The Weisfeiler-Leman algorithm and estimation on graphs Imagine you have two graphs \(G\) and \(G′\) and you’d like to check how similar they are. If all vertices have unique attributes this is quite easy:
- forall vertices \(v \in G \cup G′\) do
- check that \(v \in G\) and that \(v \in G′\)
- check that the neighbors of \(v\) are the same in \(G\) and \(G′\)
This algorithm can be carried out in linear time in the size of the graph. Unfortunately, many graphs do not have vertex attributes, let alone unique vertex attributes. In fact, graph isomorphism, i.e. the task of checking whether two graphs are identical, is a hard problem (it is still an open research question how hard it really is). In this case the above algorithm cannot be used since we have no idea which vertices we should match up.
The Weisfeiler-Leman algorithm (see David Bieber’s blog post for a pretty visualization) is a mechanism for assigning fairly unique attributes efficiently. Note that it isn’t guaranteed to work, as discussed in this paper by Douglas in 2011. This would solve the graph isomorphism problem after all. The idea is to assign fingerprints to vertices and their neighborhoods repeatedly. We assume that vertices have an attribute to begin with. If they don’t then simply assign all of them the attribute 1. Each iteration proceeds as follows:
- forall vertices \(v \in G\) do
- compute a hash of \((a_v,a_{v_1}, \ldots a_{v_n})\) where \(a_{v_i}\) are the attributes of the neighbors of vertex \(v\).

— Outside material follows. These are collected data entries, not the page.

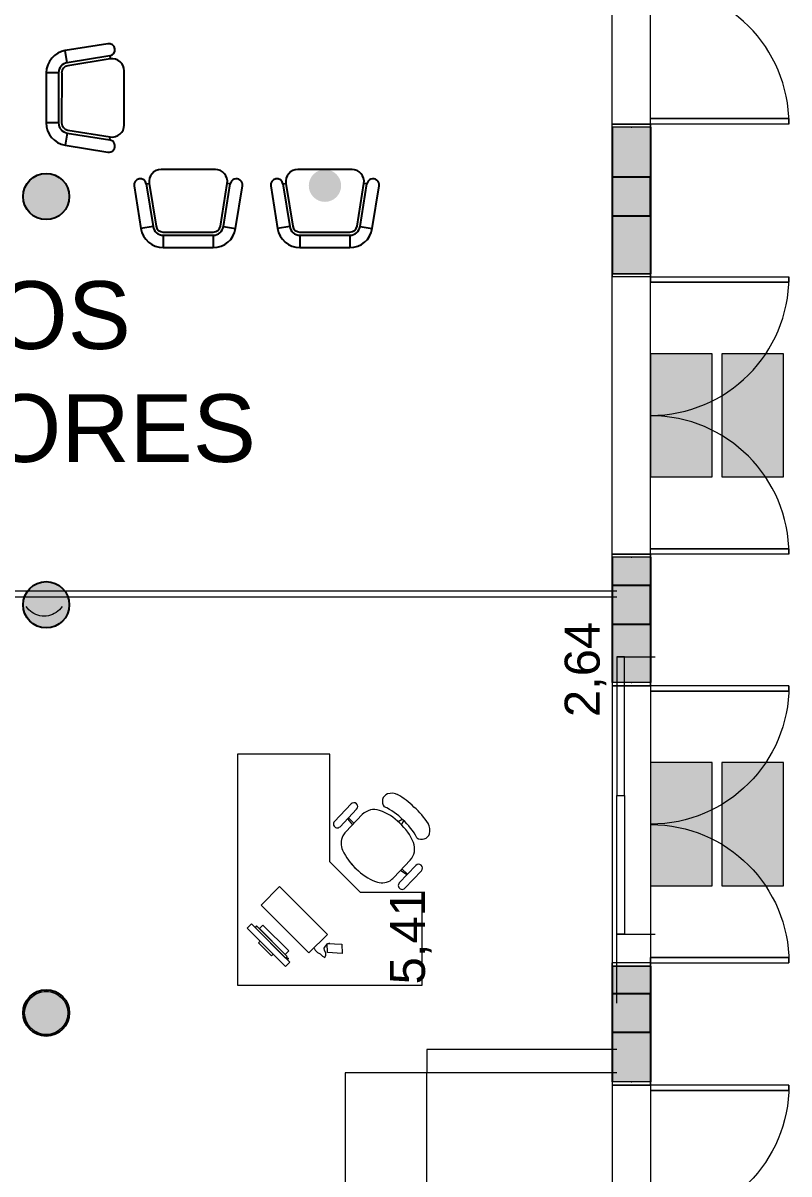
# Model space of a CAD drawing. Header units: metres. Extents: x 512 to 829, y -209 to 245.
# Drawn here: x 655.89 to 660.86, y -100.32 to -92.85 of the extents above; entities that cross this region are included whole.
import ezdxf

# ---------------------------------------------------------------- set-up
doc = ezdxf.new("R2010")
doc.units = ezdxf.units.M
doc.header["$LTSCALE"] = 0.508
doc.header["$PDSIZE"] = -2
doc.layers.get('0').update_dxf_attribs({"lineweight": 15})
for name, color, linetype, lineweight in [('ALV', 4, 'Continuous', 15), ('AMB-NOVOS', 10, 'Continuous', 15), ('CONTORNO', 7, 'Continuous', 15), ('COTAS', 2, 'Continuous', 15), ('COVID-ADESIVO MOBILIÁRIO', 10, 'Continuous', 5), ('COVID-TAPETE SANITIZANTE', 20, 'Continuous', 5), ('Dimensões', 7, 'Continuous', 5), ('MOBILIA', 7, 'Continuous', 5), ('MOBILIARIO', 252, 'Continuous', 18), ('None', 7, 'Continuous', 5), ('NãoImprimir', 7, 'Continuous', 5), ('Peitoris', 2, 'Continuous', 5), ('PORTAS-JAN-ESCADA-DIVS-AUX', 2, 'Continuous', 15), ('ROTADEF', 253, 'Continuous', 15), ('Telhado-Princ', 7, 'Continuous', 5), ('Window-Main', 7, 'Continuous', 0)]:
    doc.layers.add(name, color=color, linetype=linetype, lineweight=lineweight)
doc.layers.add('MB-ARQ-MOBILIÁRIO 02', color=2, linetype='Continuous')
doc.layers.add('MB-ARQ-MOBILIÁRIO-CADEIRAS', color=7, linetype='Continuous')
doc.styles.add('Arial', font='arial.ttf')

# ---------------------------------------------------------------- blocks, each defined once
blk = doc.blocks.new('Grupo-5925')
at = {"layer": 'None', "color": 7, "linetype": 'Continuous', "lineweight": 5}
for p, q in [((-0.92, 0.125), (-0.92, -0.125)), ((0.92, 0.125), (0.92, -0.125))]:
    blk.add_line(p, q, dxfattribs=at)
blk = doc.blocks.new('Grupo-5926')
at = {"layer": 'None', "color": 7, "linetype": 'Continuous', "lineweight": 5}
for points in [[(-0.92, 0.125), (-0.9, 0.125), (-0.9, -0.125), (-0.92, -0.125)], [(0.9, 0.125), (0.92, 0.125), (0.92, -0.125), (0.9, -0.125)]]:
    blk.add_lwpolyline(points, close=True, dxfattribs=at)
blk = doc.blocks.new('Grupo-5927')
at = {"layer": 'None', "color": 7, "linetype": 'Continuous', "lineweight": 5}
for p, q in [((-0.92, 0.125), (-0.9, 0.125)), ((-0.9, 0.125), (-0.9, -0.125)), ((0.92, 0.125), (0.9, 0.125)), ((0.9, 0.125), (0.9, -0.125)), ((-0.92, -0.125), (-0.9, -0.125)), ((0.92, -0.125), (0.9, -0.125))]:
    blk.add_line(p, q, dxfattribs=at)
at = {"layer": 'None', "color": 7}
for name in ['Grupo-5925', 'Grupo-5926']:
    blk.add_blockref(name, (0, 0), dxfattribs=at)
blk = doc.blocks.new('Grupo-5928')
at = {"layer": 'None', "color": 7, "linetype": 'Continuous', "lineweight": 5}
blk.add_arc((-0.9, 0.125), 0.8988, 0, 90, dxfattribs=at)
blk = doc.blocks.new('Grupo-5929')
at = {"layer": 'None', "color": 7, "linetype": 'Continuous', "lineweight": 5}
blk.add_lwpolyline([(-0.9, 0.125), (-0.9, 1.02375), (-0.865, 1.02375), (-0.865, 0.125)], close=True, dxfattribs=at)
blk = doc.blocks.new('Grupo-5930')
at = {"layer": 'None', "color": 7, "linetype": 'Continuous', "lineweight": 5}
for p, q in [((-0.9, 0.125), (-0.9, 1.02375)), ((-0.9, 1.02375), (-0.865, 1.02375)), ((-0.865, 0.125), (-0.865, 1.02375)), ((-0.9, 0.125), (-0.865, 0.125))]:
    blk.add_line(p, q, dxfattribs=at)
at = {"layer": 'None', "color": 7}
blk.add_blockref('Grupo-5929', (0, 0), dxfattribs=at)
blk = doc.blocks.new('Grupo-5931')
at = {"layer": 'Peitoris', "color": 7}
blk.add_blockref('Grupo-5930', (0, 0), dxfattribs=at)
blk = doc.blocks.new('Grupo-5932')
at = {"layer": 'None', "color": 7, "linetype": 'Continuous', "lineweight": 5}
blk.add_arc((0.9, 0.125), 0.8988, 90, 180, dxfattribs=at)
blk = doc.blocks.new('Grupo-5933')
at = {"layer": 'None', "color": 7, "linetype": 'Continuous', "lineweight": 5}
blk.add_lwpolyline([(0.9, 1.02375), (0.9, 0.125), (0.865, 0.125), (0.865, 1.02375)], close=True, dxfattribs=at)
blk = doc.blocks.new('Grupo-5934')
at = {"layer": 'None', "color": 7, "linetype": 'Continuous', "lineweight": 5}
for p, q in [((0.865, 1.02375), (0.865, 0.125)), ((0.9, 1.02375), (0.865, 1.02375)), ((0.9, 1.02375), (0.9, 0.125)), ((0.9, 0.125), (0.865, 0.125))]:
    blk.add_line(p, q, dxfattribs=at)
at = {"layer": 'None', "color": 7}
blk.add_blockref('Grupo-5933', (0, 0), dxfattribs=at)
blk = doc.blocks.new('Grupo-5935')
at = {"layer": 'Peitoris', "color": 7}
blk.add_blockref('Grupo-5934', (0, 0), dxfattribs=at)
blk = doc.blocks.new('Grupo-5936')
at = {"layer": 'None', "color": 7, "linetype": 'Continuous', "lineweight": 5}
for p, q in [((0.92, 0.125), (-0.92, 0.125)), ((0.92, -0.125), (-0.92, -0.125))]:
    blk.add_line(p, q, dxfattribs=at)
blk = doc.blocks.new('Door (2D)-221')
at = {"layer": 'NãoImprimir', "color": 7, "linetype": 'Continuous', "lineweight": 5}
for p in [(-0.92, 0), (0.92, 0)]:
    blk.add_point(p, dxfattribs=at)
at = {"layer": 'None', "color": 7}
for name in ['Grupo-5931', 'Grupo-5935', 'Grupo-5927']:
    blk.add_blockref(name, (0, 0), dxfattribs=at)
at = {"layer": 'Peitoris', "color": 7}
for name in ['Grupo-5928', 'Grupo-5932']:
    blk.add_blockref(name, (0, 0), dxfattribs=at)
at = {"layer": 'Telhado-Princ', "color": 7}
blk.add_blockref('Grupo-5936', (0, 0), dxfattribs=at)
blk = doc.blocks.new('Grupo-5937')
at = {"layer": 'None', "color": 7, "linetype": 'Continuous', "lineweight": 5}
for p, q in [((-0.92, 0.125), (-0.92, -0.125)), ((0.92, 0.125), (0.92, -0.125))]:
    blk.add_line(p, q, dxfattribs=at)
blk = doc.blocks.new('Grupo-5938')
at = {"layer": 'None', "color": 7, "linetype": 'Continuous', "lineweight": 5}
for points in [[(-0.92, 0.125), (-0.9, 0.125), (-0.9, -0.125), (-0.92, -0.125)], [(0.9, 0.125), (0.92, 0.125), (0.92, -0.125), (0.9, -0.125)]]:
    blk.add_lwpolyline(points, close=True, dxfattribs=at)
blk = doc.blocks.new('Grupo-5939')
at = {"layer": 'None', "color": 7, "linetype": 'Continuous', "lineweight": 5}
for p, q in [((-0.92, 0.125), (-0.9, 0.125)), ((-0.9, 0.125), (-0.9, -0.125)), ((0.92, 0.125), (0.9, 0.125)), ((0.9, 0.125), (0.9, -0.125)), ((-0.92, -0.125), (-0.9, -0.125)), ((0.92, -0.125), (0.9, -0.125))]:
    blk.add_line(p, q, dxfattribs=at)
at = {"layer": 'None', "color": 7}
for name in ['Grupo-5937', 'Grupo-5938']:
    blk.add_blockref(name, (0, 0), dxfattribs=at)
blk = doc.blocks.new('Grupo-5940')
at = {"layer": 'None', "color": 7, "linetype": 'Continuous', "lineweight": 5}
blk.add_arc((-0.9, 0.125), 0.8988, 0, 90, dxfattribs=at)
blk = doc.blocks.new('Grupo-5941')
at = {"layer": 'None', "color": 7, "linetype": 'Continuous', "lineweight": 5}
blk.add_lwpolyline([(-0.9, 0.125), (-0.9, 1.02375), (-0.865, 1.02375), (-0.865, 0.125)], close=True, dxfattribs=at)
blk = doc.blocks.new('Grupo-5942')
at = {"layer": 'None', "color": 7, "linetype": 'Continuous', "lineweight": 5}
for p, q in [((-0.9, 0.125), (-0.9, 1.02375)), ((-0.9, 1.02375), (-0.865, 1.02375)), ((-0.865, 0.125), (-0.865, 1.02375)), ((-0.9, 0.125), (-0.865, 0.125))]:
    blk.add_line(p, q, dxfattribs=at)
at = {"layer": 'None', "color": 7}
blk.add_blockref('Grupo-5941', (0, 0), dxfattribs=at)
blk = doc.blocks.new('Grupo-5943')
at = {"layer": 'Peitoris', "color": 7}
blk.add_blockref('Grupo-5942', (0, 0), dxfattribs=at)
blk = doc.blocks.new('Grupo-5944')
at = {"layer": 'None', "color": 7, "linetype": 'Continuous', "lineweight": 5}
blk.add_arc((0.9, 0.125), 0.8988, 90, 180, dxfattribs=at)
blk = doc.blocks.new('Grupo-5945')
at = {"layer": 'None', "color": 7, "linetype": 'Continuous', "lineweight": 5}
blk.add_lwpolyline([(0.9, 1.02375), (0.9, 0.125), (0.865, 0.125), (0.865, 1.02375)], close=True, dxfattribs=at)
blk = doc.blocks.new('Grupo-5946')
at = {"layer": 'None', "color": 7, "linetype": 'Continuous', "lineweight": 5}
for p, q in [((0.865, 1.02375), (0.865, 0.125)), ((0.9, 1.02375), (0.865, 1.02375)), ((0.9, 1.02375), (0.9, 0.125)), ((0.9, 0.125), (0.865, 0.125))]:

- use the hash as vertex attribute for \(v\) in the next iteration.
The algorithm terminates when this iteration has converged in terms of unique assignments of hashes to vertices. Note that it is not guaranteed to work for all graphs. In particular, it fails for graphs with a high degree of symmetry, e.g. chains, complete graphs, tori and stars. However, whenever it converges to a unique vertex attribute assignment it provides a certificate for graph isomorphism. Moreover, the sets of vertex attributes can be used to show that two graphs are not isomorphic (it suffices to verify that the sets differ at any stage).
Shervashidze et al. 2012 use this idea to define a similarity measure between graphs. Basically the idea is that graphs are most similar if many of their vertex identifiers match since this implies that the associated subgraphs match. Formally they compute a kernel using
\[k(G,G′) = \sum_{i=1}^d \lambda_d \sum_{v \in V} \sum_{v' \in V'} \delta(a(v,i), a(v',i))\]
Here \(a(v,i)\) denote the vertex attribute of \(v\) after WL iteration \(i\). Morevoer, \(\lambda_d\) are nonnegative coefficients that weigh how much the similarity at level d matters. Rather than a brute-force computation of the above test for equality we can thus sort vertex attribute sets. Note that vertices that have different attributes at any given iteration will never have the same attribute thereafter. This means that we can compare the two sets at all depths at at most \(O(d \cdot (|V|+|V'|))\) cost.
A similar trick is possible if we want to regress between vertices on the same graph since we can use the set of attributes that a vertex obtains during the iterations as features. Finally, we can make our life even easier if we don’t compute kernels at all and use a linear classifier on the vertex attributes directly.